Work instruction: Stop at the line that contains "#6=PRODUCT_DEFINITION_FORMATION('','',#4);". Until then, set down each line of the records exactly, beginning with the first, and skip pictures.

(Data items)
• • • • •

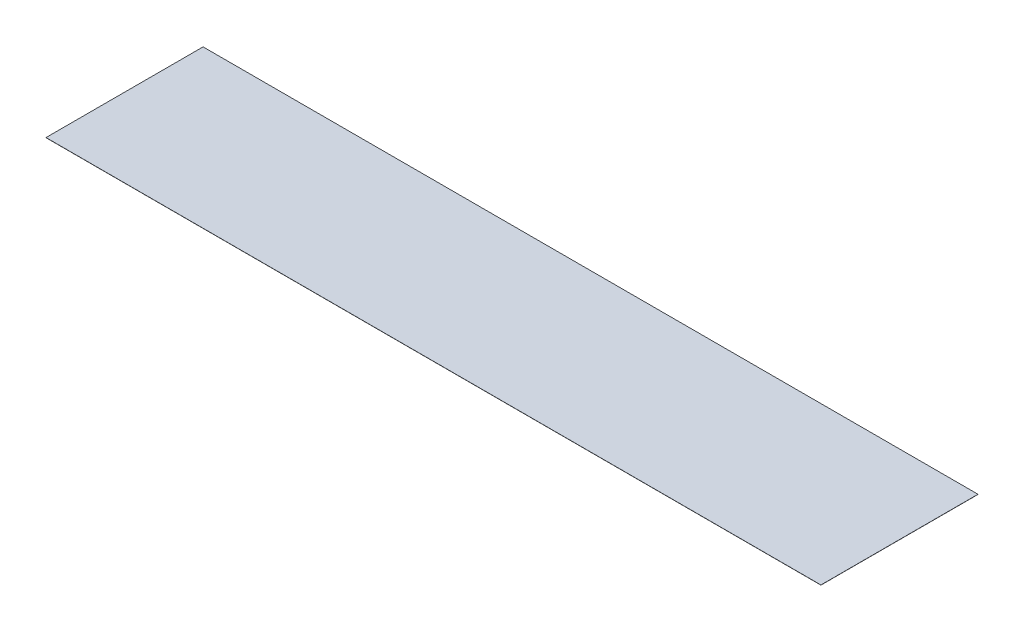
ISO-10303-21;
HEADER;
FILE_DESCRIPTION(('STEP AP214'),'2;1');
FILE_NAME('part.step','',(''),(''),'','','');
FILE_SCHEMA(('AUTOMOTIVE_DESIGN { 1 0 10303 214 1 1 1 1 }'));
ENDSEC;
DATA;
#1=APPLICATION_CONTEXT('core data for automotive mechanical design processes');
#2=APPLICATION_PROTOCOL_DEFINITION('international standard','automotive_design',2000,#1);
#3=PRODUCT_CONTEXT('',#1,'mechanical');
#4=PRODUCT('Part','Part','',(#3));
#5=PRODUCT_RELATED_PRODUCT_CATEGORY('part','',(#4));
#6=PRODUCT_DEFINITION_FORMATION('','',#4);
#7=PRODUCT_DEFINITION_CONTEXT('part definition',#1,'design');
#8=PRODUCT_DEFINITION('design','',#6,#7);
#9=PRODUCT_DEFINITION_SHAPE('','',#8);
#10=(LENGTH_UNIT() NAMED_UNIT(*) SI_UNIT(.MILLI.,.METRE.));
#11=(NAMED_UNIT(*) PLANE_ANGLE_UNIT() SI_UNIT($,.RADIAN.));
#12=(NAMED_UNIT(*) SI_UNIT($,.STERADIAN.) SOLID_ANGLE_UNIT());
#13=UNCERTAINTY_MEASURE_WITH_UNIT(LENGTH_MEASURE(1.E-05),#10,'distance_accuracy_value','');
#14=(GEOMETRIC_REPRESENTATION_CONTEXT(3) GLOBAL_UNCERTAINTY_ASSIGNED_CONTEXT((#13)) GLOBAL_UNIT_ASSIGNED_CONTEXT((#10,
#11,#12)) REPRESENTATION_CONTEXT('',''));
#15=CARTESIAN_POINT('',(0.,0.,0.));
#16=DIRECTION('',(0.,0.,1.));
#17=DIRECTION('',(1.,0.,0.));
#18=AXIS2_PLACEMENT_3D('',#15,#16,#17);
#19=CARTESIAN_POINT('',(-11277.6,4.7752,0.));
#20=DIRECTION('',(1.,0.,0.));
#21=DIRECTION('',(0.,0.,-1.));
#22=AXIS2_PLACEMENT_3D('',#19,#20,#21);
#23=PLANE('',#22);
#24=DIRECTION('',(0.,0.,1.));
#25=VECTOR('',#24,1.);
#26=CARTESIAN_POINT('',(-11277.6,0.,0.));
#27=LINE('',#26,#25);
#28=CARTESIAN_POINT('',(-11277.6,0.,-4572.));
#29=VERTEX_POINT('',#28);
#30=CARTESIAN_POINT('',(-11277.6,0.,0.));
#31=VERTEX_POINT('',#30);
#32=EDGE_CURVE('E97',#29,#31,#27,.T.);
#33=ORIENTED_EDGE('',*,*,#32,.T.);
#34=DIRECTION('',(0.,-1.,0.));
#35=VECTOR('',#34,1.);
#36=CARTESIAN_POINT('',(-11277.6,4.7752,0.));
#37=LINE('',#36,#35);
#38=CARTESIAN_POINT('',(-11277.6,4.7752,0.));
#39=VERTEX_POINT('',#38);
#40=EDGE_CURVE('E11',#39,#31,#37,.T.);
#41=ORIENTED_EDGE('',*,*,#40,.F.);
#42=DIRECTION('',(0.,0.,1.));
#43=VECTOR('',#42,1.);
#44=CARTESIAN_POINT('',(-11277.6,4.7752,0.));
#45=LINE('',#44,#43);
#46=CARTESIAN_POINT('',(-11277.6,4.7752,-4572.));
#47=VERTEX_POINT('',#46);
#48=EDGE_CURVE('E85',#47,#39,#45,.T.);
#49=ORIENTED_EDGE('',*,*,#48,.F.);
#50=DIRECTION('',(0.,-1.,0.));
#51=VECTOR('',#50,1.);
#52=CARTESIAN_POINT('',(-11277.6,4.7752,-4572.));
#53=LINE('',#52,#51);
#54=EDGE_CURVE('E93',#47,#29,#53,.T.);
#55=ORIENTED_EDGE('',*,*,#54,.T.);
#56=EDGE_LOOP('',(#33,#41,#49,#55));
#57=FACE_BOUND('',#56,.T.);
#58=ADVANCED_FACE('F34',(#57),#23,.F.);
#59=CARTESIAN_POINT('',(-11277.6,4.7752,0.));
#60=DIRECTION('',(0.,0.,-1.));
#61=DIRECTION('',(-1.,0.,0.));
#62=AXIS2_PLACEMENT_3D('',#59,#60,#61);
#63=PLANE('',#62);
#64=DIRECTION('',(1.,0.,0.));
#65=VECTOR('',#64,1.);
#66=CARTESIAN_POINT('',(-11277.6,0.,0.));
#67=LINE('',#66,#65);
#68=CARTESIAN_POINT('',(11277.6,0.,-4.21884749357559E-12));
#69=VERTEX_POINT('',#68);
#70=EDGE_CURVE('E89',#31,#69,#67,.T.);
#71=ORIENTED_EDGE('',*,*,#70,.T.);
#72=DIRECTION('',(0.,-1.,0.));
#73=VECTOR('',#72,1.);
#74=CARTESIAN_POINT('',(11277.6,4.7752,-4.21884749357559E-12));
#75=LINE('',#74,#73);
#76=CARTESIAN_POINT('',(11277.6,4.7752,-4.21884749357559E-12));
#77=VERTEX_POINT('',#76);
#78=EDGE_CURVE('E42',#77,#69,#75,.T.);
#79=ORIENTED_EDGE('',*,*,#78,.F.);
#80=DIRECTION('',(1.,0.,0.));
#81=VECTOR('',#80,1.);
#82=CARTESIAN_POINT('',(-11277.6,4.7752,0.));
#83=LINE('',#82,#81);
#84=EDGE_CURVE('E80',#39,#77,#83,.T.);
#85=ORIENTED_EDGE('',*,*,#84,.F.);
#86=ORIENTED_EDGE('',*,*,#40,.T.);
#87=EDGE_LOOP('',(#71,#79,#85,#86));
#88=FACE_BOUND('',#87,.T.);
#89=ADVANCED_FACE('F88',(#88),#63,.F.);
#90=CARTESIAN_POINT('',(11277.6,4.7752,-4.21884749357559E-12));
#91=DIRECTION('',(-1.,0.,0.));
#92=DIRECTION('',(0.,0.,1.));
#93=AXIS2_PLACEMENT_3D('',#90,#91,#92);
#94=PLANE('',#93);
#95=DIRECTION('',(0.,0.,-1.));
#96=VECTOR('',#95,1.);
#97=CARTESIAN_POINT('',(11277.6,0.,-4.21884749357559E-12));
#98=LINE('',#97,#96);
#99=CARTESIAN_POINT('',(11277.6,0.,-4572.));
#100=VERTEX_POINT('',#99);
#101=EDGE_CURVE('E67',#69,#100,#98,.T.);
#102=ORIENTED_EDGE('',*,*,#101,.T.);
#103=DIRECTION('',(0.,-1.,0.));
#104=VECTOR('',#103,1.);
#105=CARTESIAN_POINT('',(11277.6,4.7752,-4572.));
#106=LINE('',#105,#104);
#107=CARTESIAN_POINT('',(11277.6,4.7752,-4572.));
#108=VERTEX_POINT('',#107);
#109=EDGE_CURVE('E90',#108,#100,#106,.T.);
#110=ORIENTED_EDGE('',*,*,#109,.F.);
#111=DIRECTION('',(0.,0.,-1.));
#112=VECTOR('',#111,1.);
#113=CARTESIAN_POINT('',(11277.6,4.7752,-4.21884749357559E-12));
#114=LINE('',#113,#112);
#115=EDGE_CURVE('E83',#77,#108,#114,.T.);
#116=ORIENTED_EDGE('',*,*,#115,.F.);
#117=ORIENTED_EDGE('',*,*,#78,.T.);
#118=EDGE_LOOP('',(#102,#110,#116,#117));
#119=FACE_BOUND('',#118,.T.);
#120=ADVANCED_FACE('F91',(#119),#94,.F.);
#121=CARTESIAN_POINT('',(-11277.6,4.7752,-4572.));
#122=DIRECTION('',(0.,0.,1.));
#123=DIRECTION('',(1.,0.,0.));
#124=AXIS2_PLACEMENT_3D('',#121,#122,#123);
#125=PLANE('',#124);
#126=DIRECTION('',(-1.,0.,0.));
#127=VECTOR('',#126,1.);
#128=CARTESIAN_POINT('',(-11277.6,0.,-4572.));
#129=LINE('',#128,#127);
#130=EDGE_CURVE('E73',#100,#29,#129,.T.);
#131=ORIENTED_EDGE('',*,*,#130,.T.);
#132=ORIENTED_EDGE('',*,*,#54,.F.);
#133=DIRECTION('',(-1.,0.,0.));
#134=VECTOR('',#133,1.);
#135=CARTESIAN_POINT('',(-11277.6,4.7752,-4572.));
#136=LINE('',#135,#134);
#137=EDGE_CURVE('E50',#108,#47,#136,.T.);
#138=ORIENTED_EDGE('',*,*,#137,.F.);
#139=ORIENTED_EDGE('',*,*,#109,.T.);
#140=EDGE_LOOP('',(#131,#132,#138,#139));
#141=FACE_BOUND('',#140,.T.);
#142=ADVANCED_FACE('F104',(#141),#125,.F.);
#143=CARTESIAN_POINT('',(0.,4.7752,0.));
#144=DIRECTION('',(0.,-1.,0.));
#145=DIRECTION('',(0.,0.,-1.));
#146=AXIS2_PLACEMENT_3D('',#143,#144,#145);
#147=PLANE('',#146);
#148=ORIENTED_EDGE('',*,*,#48,.T.);
#149=ORIENTED_EDGE('',*,*,#84,.T.);
#150=ORIENTED_EDGE('',*,*,#115,.T.);
#151=ORIENTED_EDGE('',*,*,#137,.T.);
#152=EDGE_LOOP('',(#148,#149,#150,#151));
#153=FACE_BOUND('',#152,.T.);
#154=ADVANCED_FACE('F81',(#153),#147,.F.);
#155=CARTESIAN_POINT('',(0.,0.,0.));
#156=DIRECTION('',(0.,-1.,0.));
#157=DIRECTION('',(0.,0.,-1.));
#158=AXIS2_PLACEMENT_3D('',#155,#156,#157);
#159=PLANE('',#158);
#160=ORIENTED_EDGE('',*,*,#32,.F.);
#161=ORIENTED_EDGE('',*,*,#130,.F.);
#162=ORIENTED_EDGE('',*,*,#101,.F.);
#163=ORIENTED_EDGE('',*,*,#70,.F.);
#164=EDGE_LOOP('',(#160,#161,#162,#163));
#165=FACE_BOUND('',#164,.T.);
#166=ADVANCED_FACE('F107',(#165),#159,.T.);
#167=CLOSED_SHELL('',(#58,#89,#120,#142,#154,#166));
#168=MANIFOLD_SOLID_BREP('B2',#167);
#169=ADVANCED_BREP_SHAPE_REPRESENTATION('',(#18,#168),#14);
#170=SHAPE_DEFINITION_REPRESENTATION(#9,#169);
ENDSEC;
END-ISO-10303-21;

• • • • •

Task solution:
ISO-10303-21;
HEADER;
FILE_DESCRIPTION(('STEP AP214'),'2;1');
FILE_NAME('part.step','',(''),(''),'','','');
FILE_SCHEMA(('AUTOMOTIVE_DESIGN { 1 0 10303 214 1 1 1 1 }'));
ENDSEC;
DATA;
#1=APPLICATION_CONTEXT('core data for automotive mechanical design processes');
#2=APPLICATION_PROTOCOL_DEFINITION('international standard','automotive_design',2000,#1);
#3=PRODUCT_CONTEXT('',#1,'mechanical');
#4=PRODUCT('Part','Part','',(#3));
#5=PRODUCT_RELATED_PRODUCT_CATEGORY('part','',(#4));
#6=PRODUCT_DEFINITION_FORMATION('','',#4);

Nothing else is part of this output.